Les types de publicités Facebook Ads qui cartonnent en ce moment ne sont pas ceux que tu crois. Une pub avec fond blanc moche, un post-it griffonné à la main, une vidéo filmée au téléphone sans équipe de prod – et c’est ça qui génère des leads. Pas la belle création léchée sur laquelle l’agence a passé trois semaines. Louis Daniel Binette, directeur de compte chez J7 Media, l’a dit sans détour dans un épisode du podcast No Pay No Play animé par Antoine Danmas : le marché choisit, pas toi.
Ce qui est frappant dans ce qu’il raconte, c’est pas la liste des formats en elle-même. C’est le principe qui est derrière. La beauté d’une pub ne prédit pas sa performance. Jamais. Et pourtant, on continue tous à produire des créatifs en pensant que le plus beau gagnera. C’est exactement le biais qu’il faut déconstruire avant même de parler de formats.

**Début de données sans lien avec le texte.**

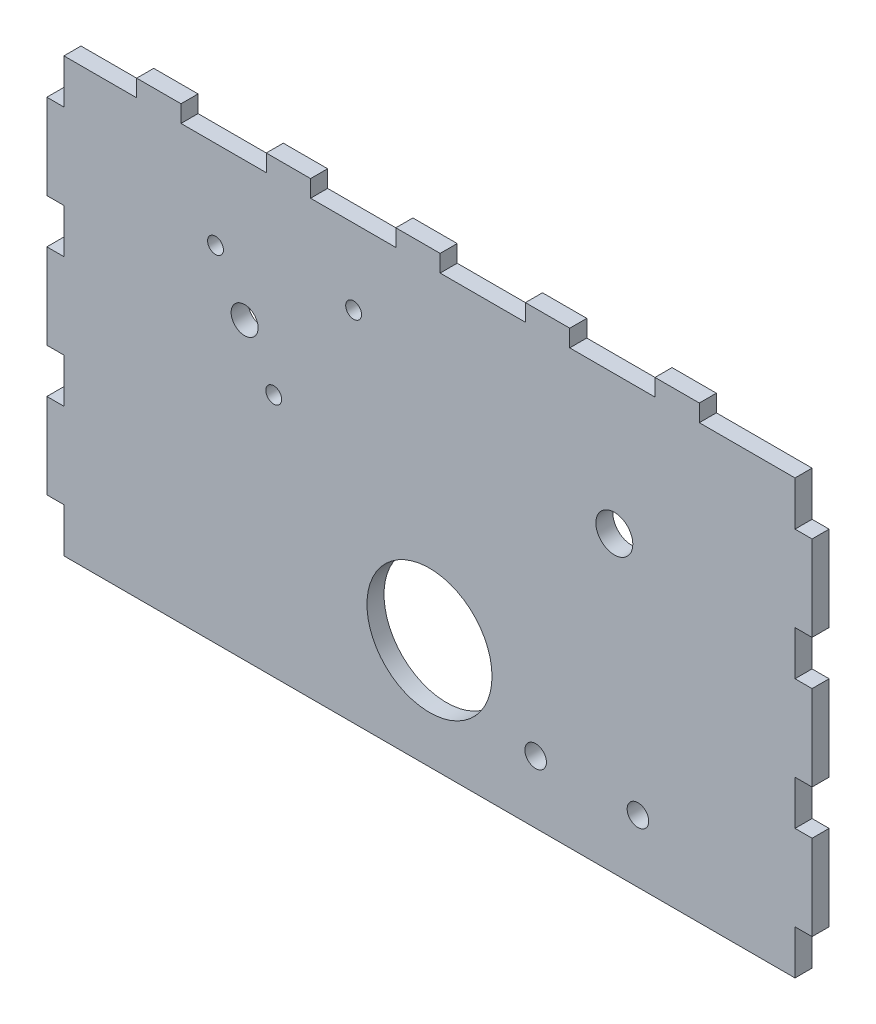
SolidWorks part; units mm, degrees
ref_plane "Front Plane" through (0, 0, 0) normal (0, 0, 1) x (1, 0, 0)
ref_plane "Top Plane" through (0, 0, 0) normal (0, 1, 0) x (1, 0, 0)
ref_plane "Right Plane" through (0, 0, 0) normal (1, 0, 0) x (0, 0, -1)
sketch "Model" plane through (0, 0, 0) normal (0, 0, 1) x (1, 0, 0)
  line L0 (67.32, 30.3) -> (64.32, 30.3)
  line L1 (67.32, 15.3) -> (67.32, 30.3)
  line L2 (64.32, 15.3) -> (67.32, 15.3)
  line L3 (64.32, 7.5) -> (64.32, 15.3)
  line L4 (67.32, 7.5) -> (64.32, 7.5)
  line L5 (67.32, -7.5) -> (67.32, 7.5)
  line L6 (64.32, -7.5) -> (67.32, -7.5)
  line L7 (64.32, -15.3) -> (64.32, -7.5)
  line L8 (67.32, -15.3) -> (64.32, -15.3)
  line L9 (67.32, -30.3) -> (67.32, -15.3)
  line L10 (64.32, -30.3) -> (67.32, -30.3)
  line L11 (64.32, -38.1) -> (64.32, -30.3)
  line L12 (-64.32, -38.1) -> (64.32, -38.1)
  line L13 (-64.32, -38.1) -> (-64.32, -30.3)
  line L14 (-64.32, -30.3) -> (-67.32, -30.3)
  line L15 (-67.32, -15.3) -> (-67.32, -30.3)
  line L16 (-67.32, -15.3) -> (-64.32, -15.3)
  line L17 (-64.32, -15.3) -> (-64.32, -7.5)
  line L18 (-64.32, -7.5) -> (-67.32, -7.5)
  line L19 (-67.32, 7.5) -> (-67.32, -7.5)
  line L20 (-67.32, 7.5) -> (-64.32, 7.5)
  line L21 (-64.32, 7.5) -> (-64.32, 15.3)
  line L22 (-64.32, 15.3) -> (-67.32, 15.3)
  line L23 (-67.32, 30.3) -> (-67.32, 15.3)
  line L24 (-67.32, 30.3) -> (-64.32, 30.3)
  line L25 (-64.32, 30.3) -> (-64.32, 38.1)
  line L26 (-51.52, 38.1) -> (-64.32, 38.1)
  line L27 (-51.52, 41.1) -> (-51.52, 38.1)
  line L28 (-43.72, 41.1) -> (-51.52, 41.1)
  line L29 (-43.72, 41.1) -> (-43.72, 38.1)
  line L30 (-28.72, 38.1) -> (-43.72, 38.1)
  line L31 (-28.72, 41.1) -> (-28.72, 38.1)
  line L32 (-20.92, 41.1) -> (-28.72, 41.1)
  line L33 (-20.92, 41.1) -> (-20.92, 38.1)
  line L34 (-5.92, 38.1) -> (-20.92, 38.1)
  line L35 (-5.92, 41.1) -> (-5.92, 38.1)
  line L36 (1.88, 41.1) -> (-5.92, 41.1)
  line L37 (1.88, 41.1) -> (1.88, 38.1)
  line L38 (16.88, 38.1) -> (1.88, 38.1)
  line L39 (16.88, 41.1) -> (16.88, 38.1)
  line L40 (24.68, 41.1) -> (16.88, 41.1)
  line L41 (24.68, 41.1) -> (24.68, 38.1)
  line L42 (39.68, 38.1) -> (24.68, 38.1)
  line L43 (39.68, 41.1) -> (39.68, 38.1)
  line L44 (47.48, 41.1) -> (39.68, 41.1)
  line L45 (47.48, 41.1) -> (47.48, 38.1)
  line L46 (64.32, 38.1) -> (47.48, 38.1)
  line L47 (64.32, 30.3) -> (64.32, 38.1)
  circle A0 centre (-37.6485, 22.5604) radius 1.397
  circle A1 centre (-27.4053, 4.8935) radius 1.397
  circle A2 centre (-13.3438, 24.8491) radius 1.397
  circle A3 centre (36.68, -27.1) radius 1.8986
  circle A4 centre (18.68, -27.1) radius 1.8986
  circle A5 centre (32.5269, 13.7269) radius 3.25
  circle A6 centre (-32.5269, 13.7269) radius 2.3749
  circle A7 centre (0, -18.8) radius 11
extrude "Boss-Extrude1" add sketch "Model" along normal blind 3

Alors voilà ce que j’ai retenu de cet épisode – et ce que j’aurais voulu qu’on me dise quand je couvrais mes premiers dossiers sur la pub digitale en 2009.
Pourquoi les types de publicités Facebook Ads qu’on pense être bons échouent
Carl Wibo, media buyer chez J7 Media, avait des pubs qu’il hésitait à mettre en ligne tellement elles lui semblaient moches. Il les a quand même testées. Résultat : elles ont explosé. C’est la tension centrale de tout ce que Louis Daniel Binette explique dans cet épisode.
Le vrai problème ? On crée pour soi. Pour l’ego de la marque. Pour le brief créatif. Pas pour l’algorithme et encore moins pour l’utilisateur qui scrolle à 23h dans son canapé.
Ayez pas trop de préjugés face aux publicités que vous allez créer, on sait jamais ce qui va fonctionner et c’est arrivé tellement, mais tellement souvent qu’on nous à l’interne ou pour une autre agence, il y a une belle publicité qu’on voit, elle est super bien léchée. On fait ah, ça c’est du beau marketing, ça c’est du beau design. Puis on l’a publié puis ah, ça fonctionne pas très très bien.
Voilà. Le résumé de dix ans de Facebook Ads en quatre phrases.
Ce que ça implique concrètement : tu dois tester des choses qui te mettent mal à l’aise. Des formats qui te semblent trop simples, trop bruts, trop peu travaillés. Parce que c’est souvent là que le pattern interrupt se joue – et que l’attention de l’utilisateur se capte vraiment dans le fil d’actualité.
Louis Daniel Binette prend soin de préciser quelque chose d’important avant même de rentrer dans les formats : un concept qui performe sur un compte ne performe pas forcément sur un autre. La structure de testing prime sur tout le reste. On reviendra là-dessus. Mais d’abord, les formats eux-mêmes.
Unboxing, inboxing, behind the scene : les 3 formats e-commerce à tester maintenant
Pour les comptes e-commerce, trois concepts sortent du lot dans cet épisode. Trois formats qui partagent un point commun : ils montrent quelque chose de réel, de tangible, d’humain.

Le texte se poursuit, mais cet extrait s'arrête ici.